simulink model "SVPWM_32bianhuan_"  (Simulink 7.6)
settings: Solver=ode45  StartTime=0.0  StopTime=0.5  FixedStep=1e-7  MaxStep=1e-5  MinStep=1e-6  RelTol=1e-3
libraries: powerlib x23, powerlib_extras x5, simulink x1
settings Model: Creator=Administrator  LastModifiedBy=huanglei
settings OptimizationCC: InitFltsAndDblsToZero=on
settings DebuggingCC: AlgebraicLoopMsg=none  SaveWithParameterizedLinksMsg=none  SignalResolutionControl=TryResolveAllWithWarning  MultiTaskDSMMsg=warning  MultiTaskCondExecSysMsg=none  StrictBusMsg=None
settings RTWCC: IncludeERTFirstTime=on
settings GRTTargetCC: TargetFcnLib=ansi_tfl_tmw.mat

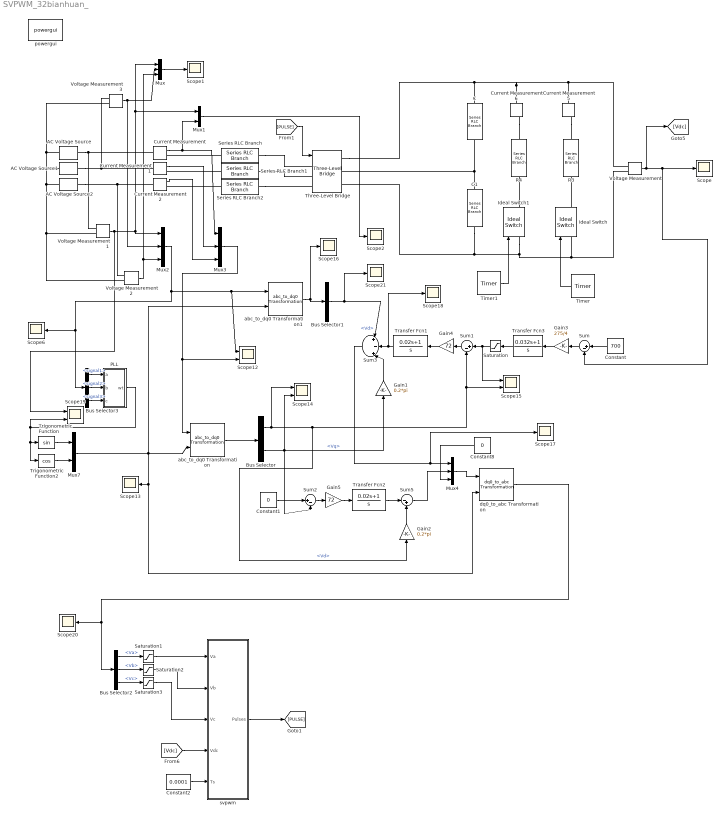
== system SVPWM_32bianhuan_ ==
  AC Voltage Source : powerlib/Electrical Sources/AC Voltage Source  DialogController=POWERSYS.PowerSysDialog  SystemSampleTime=-1  Amplitude=311  Phase=90  Frequency=50  SampleTime=0  Measurements=None
  AC Voltage Source1 : powerlib/Electrical Sources/AC Voltage Source  DialogController=POWERSYS.PowerSysDialog  SystemSampleTime=-1  Amplitude=311  Phase=-30  Frequency=50  SampleTime=0  Measurements=None
  AC Voltage Source2 : powerlib/Electrical Sources/AC Voltage Source  DialogController=POWERSYS.PowerSysDialog  SystemSampleTime=-1  Amplitude=311  Phase=210  Frequency=50  SampleTime=0  Measurements=None
  Bus Selector : BusSelector  OutputSignals=Vd,Vq
  Bus Selector1 : BusSelector  OutputSignals=Vd
  Bus Selector2 : BusSelector  OutputSignals=Va,Vb,Vc
  Bus Selector3 : BusSelector  OutputSignals=signal1,signal2,signal3
  C : powerlib/Elements/Series RLC Branch  DialogController=POWERSYS.PowerSysDialog  PhysicalDomain=powersysdomain  SubClassName=unknown  LeftPortType=p1  RightPortType=p1  LConnTagsString=__new0  RConnTagsString=__new0  BranchType=C  Resistance=1  Inductance=1e-3  SetiL0=off  InitialCurrent=0  Capacitance=1e-3  Setx0=off  InitialVoltage=0  Measurements=None
  C1 : powerlib/Elements/Series RLC Branch  DialogController=POWERSYS.PowerSysDialog  PhysicalDomain=powersysdomain  SubClassName=unknown  LeftPortType=p1  RightPortType=p1  LConnTagsString=__new0  RConnTagsString=__new0  BranchType=C  Resistance=1  Inductance=1e-3  SetiL0=off  InitialCurrent=0  Capacitance=1e-3  Setx0=off  InitialVoltage=0  Measurements=None
  Constant : Constant  Value=700
  Constant1 : Constant  Value=0
  Constant2 : Constant  Value=0.0001
  Constant8 : Constant  Value=0
  Current Measurement{,1..2,5..6} (5 alike) : powerlib/Measurements/Current Measurement  DialogController=POWERSYS.PowerSysDialog  SystemSampleTime=-1  PhasorSimulation=off  OutputType=Complex  PSBequivalent=0
  Gain1 : Gain  Gain=0.2*pi
  Gain2 : Gain  Gain=0.2*pi
  Gain3 : Gain  Gain=275/4
  Gain4 : Gain  Gain=72
  Gain5 : Gain  Gain=72
  Ideal Switch : powerlib/Power Electronics/Ideal Switch  DialogController=POWERSYS.PowerSysDialog  SystemSampleTime=-1  Ron=0.001  Lon=0  IC=0  Rs=1e5  Cs=inf  Measurements=on
  Ideal Switch1 : powerlib/Power Electronics/Ideal Switch  DialogController=POWERSYS.PowerSysDialog  SystemSampleTime=-1  Ron=0.001  Lon=0  IC=0  Rs=1e5  Cs=inf  Measurements=on
  Mux{,2..4} (4 alike) : Mux  Inputs=3
  Mux1 : Mux  Inputs=2
  Mux7 : Mux  Inputs=2
  PLL : Subsystem
  R3 : powerlib/Elements/Series RLC Branch  DialogController=POWERSYS.PowerSysDialog  PhysicalDomain=powersysdomain  SubClassName=unknown  LeftPortType=p1  RightPortType=p1  LConnTagsString=__new0  RConnTagsString=__new0  BranchType=R  Resistance=100  Inductance=1e-3  SetiL0=off  InitialCurrent=0  Capacitance=1e-6  Setx0=off  InitialVoltage=0  Measurements=None
  R4 : powerlib/Elements/Series RLC Branch  DialogController=POWERSYS.PowerSysDialog  PhysicalDomain=powersysdomain  SubClassName=unknown  LeftPortType=p1  RightPortType=p1  LConnTagsString=__new0  RConnTagsString=__new0  BranchType=R  Resistance=50  Inductance=1e-3  SetiL0=off  InitialCurrent=0  Capacitance=1e-6  Setx0=off  InitialVoltage=0  Measurements=None
  Saturation : Saturate  UpperLimit=200  LowerLimit=-200
  Saturation1 : Saturate  UpperLimit=220  LowerLimit=-220
  Saturation2 : Saturate  UpperLimit=220  LowerLimit=-220
  Saturation3 : Saturate  UpperLimit=220  LowerLimit=-220
  Scope{,1..2,6,13,16..18,20..21} (10 alike) : Scope
      Scope settings: TimeRange=0.5  YMin=698.5  YMax=707
      Scope1 settings: YMin=-400  YMax=400
      Scope13 settings: YMin=-1  YMax=0.6  SaveName=ScopeData13
      Scope16 settings: YMin=-25  YMax=325  SaveName=ScopeData16
      Scope17 settings: YMin=21050  YMax=22150  SaveName=ScopeData17
      Scope18 settings: YMin=-20775  YMax=-20425  SaveName=ScopeData18
      Scope2 settings: YMin=-350  YMax=350  SaveName=ScopeData2
      Scope20 settings: YMin=-1  YMax=1  SaveName=ScopeData20
      Scope21 settings: YMin=311  YMax=311  SaveName=ScopeData21
      Scope6 settings: YMin=-400  YMax=400  SaveName=ScopeData6
  Scope{12,14..15,19} (4 alike) : Scope  NumInputPorts=2
      Scope12 settings: YMin=-4~-5  YMax=4~5  SaveName=ScopeData12
      Scope14 settings: YMin=15~-2.25  YMax=26~3.25  SaveName=ScopeData14
      Scope15 settings: YMin=-503.7~-1  YMax=-503.425~1  SaveName=ScopeData15
      Scope19 settings: YMin=0~-5  YMax=6.5~5  SaveName=ScopeData19
  Series RLC Branch : powerlib/Elements/Series RLC Branch  DialogController=POWERSYS.PowerSysDialog  PhysicalDomain=powersysdomain  SubClassName=unknown  LeftPortType=p1  RightPortType=p1  LConnTagsString=__new0  RConnTagsString=__new0  BranchType=RL  Resistance=0.1  Inductance=2e-3  SetiL0=off  InitialCurrent=0  Capacitance=1e-6  Setx0=off  InitialVoltage=0  Measurements=None
  Series RLC Branch1 : powerlib/Elements/Series RLC Branch  DialogController=POWERSYS.PowerSysDialog  PhysicalDomain=powersysdomain  SubClassName=unknown  LeftPortType=p1  RightPortType=p1  LConnTagsString=__new0  RConnTagsString=__new0  BranchType=RL  Resistance=0.1  Inductance=2e-3  SetiL0=off  InitialCurrent=0  Capacitance=1e-6  Setx0=off  InitialVoltage=0  Measurements=None
  Series RLC Branch2 : powerlib/Elements/Series RLC Branch  DialogController=POWERSYS.PowerSysDialog  PhysicalDomain=powersysdomain  SubClassName=unknown  LeftPortType=p1  RightPortType=p1  LConnTagsString=__new0  RConnTagsString=__new0  BranchType=RL  Resistance=0.1  Inductance=2e-3  SetiL0=off  InitialCurrent=0  Capacitance=1e-6  Setx0=off  InitialVoltage=0  Measurements=None
  Sum : Sum  Inputs=|+-
  Sum1 : Sum  Inputs=|+-
  Sum2 : Sum  Inputs=|+-
  Sum3 : Sum  Inputs=|+|-|+|
  Sum5 : Sum  Inputs=|-+
  Three-Level Bridge : powerlib/Power Electronics/Three-Level Bridge  DialogController=POWERSYS.PowerSysDialog  SystemSampleTime=-1  Arms=3  SnubberResistance=1e5  SbubberCapacitance=inf  Device=IGBT / Diodes  Ron=1e-3  ForwardVoltages="[  0  0  ]"  Measurements=None
  Timer : powerlib_extras/Control  Blocks/Timer  DialogController=POWERSYS.PowerSysDialog  SystemSampleTime=-1  t=[0 0.3]  e=[0 1]
  Timer1 : powerlib_extras/Control  Blocks/Timer  DialogController=POWERSYS.PowerSysDialog  SystemSampleTime=-1  t=[0 0.3]  e=[1 0]
  Transfer Fcn1 : TransferFcn  Numerator=[0.02 1]  Denominator=[1 0]
  Transfer Fcn2 : TransferFcn  Numerator=[0.02 1]  Denominator=[1 0]
  Transfer Fcn3 : TransferFcn  Numerator=[0.032 1]  Denominator=[1 0]
  Trigonometric Function : Trigonometry
  Trigonometric Function2 : Trigonometry  Operator=cos
  Voltage Measurement{,1..3} (4 alike) : powerlib/Measurements/Voltage Measurement  DialogController=POWERSYS.PowerSysDialog  SystemSampleTime=-1  PhasorSimulation=off  OutputType=Complex  PSBequivalent=0
  abc_to_dq0 Transformation : powerlib_extras/Measurements/abc_to_dq0 Transformation  DialogController=POWERSYS.PowerSysDialog  SystemSampleTime=-1
  abc_to_dq0 Transformation1 : powerlib_extras/Measurements/abc_to_dq0 Transformation  DialogController=POWERSYS.PowerSysDialog  SystemSampleTime=-1
  dq0_to_abc Transformation : powerlib_extras/Measurements/dq0_to_abc Transformation  DialogController=POWERSYS.PowerSysDialog  SystemSampleTime=-1
  powergui : powerlib/powergui  Priority=1  SystemSampleTime=-1  SimulationMode=Discrete  SampleTime=50e-6  frequency=60  SPID=off  DisableSnubberDevices=off  DisableRonSwitches=off  DisableVfSwitches=off  SwTol=0  Interpol=off  frequencyindice=50  echomessages=off  HookPort=off  DisplayEquations=off  FunctionMessages=off  EnableUseOfTLC=off  x0status=blocks  RestoreLinks=warning  ResistiveCurrentMeasurement=off  Frange=[0:2:500]  Ylog=off  Xlog=on  ShowGrid=off  save=off  variable=ZData  ZoomFFT=off  StartTime=0.0  cycles=1  DisplayStyle=1  fundamental=60  FreqAxis=off  MaxFrequency=1000  frequencyindicesteady=1  RmsSteady=1  display=off  Ts=0  methode=off
  svpwm : Subsystem
  wires:
  Voltage Measurement/1 -> Scope/1, Sum/2, [Vdc]
  Current Measurement/1 -> Mux1/2, Mux3/1
  Voltage Measurement1/1 -> Scope19/1, Mux2/1, Mux/1, Mux1/1
  Voltage Measurement3/1 -> Mux/2, Mux2/2
  Mux/1 -> Scope1/1
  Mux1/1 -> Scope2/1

════════════════════

__WHAT TO DO__. Pull each line that includes the word "LowerLimit" out of the material above.

__TASK OUTPUT__.
  Saturation : Saturate  UpperLimit=200  LowerLimit=-200
  Saturation1 : Saturate  UpperLimit=220  LowerLimit=-220
  Saturation2 : Saturate  UpperLimit=220  LowerLimit=-220
  Saturation3 : Saturate  UpperLimit=220  LowerLimit=-220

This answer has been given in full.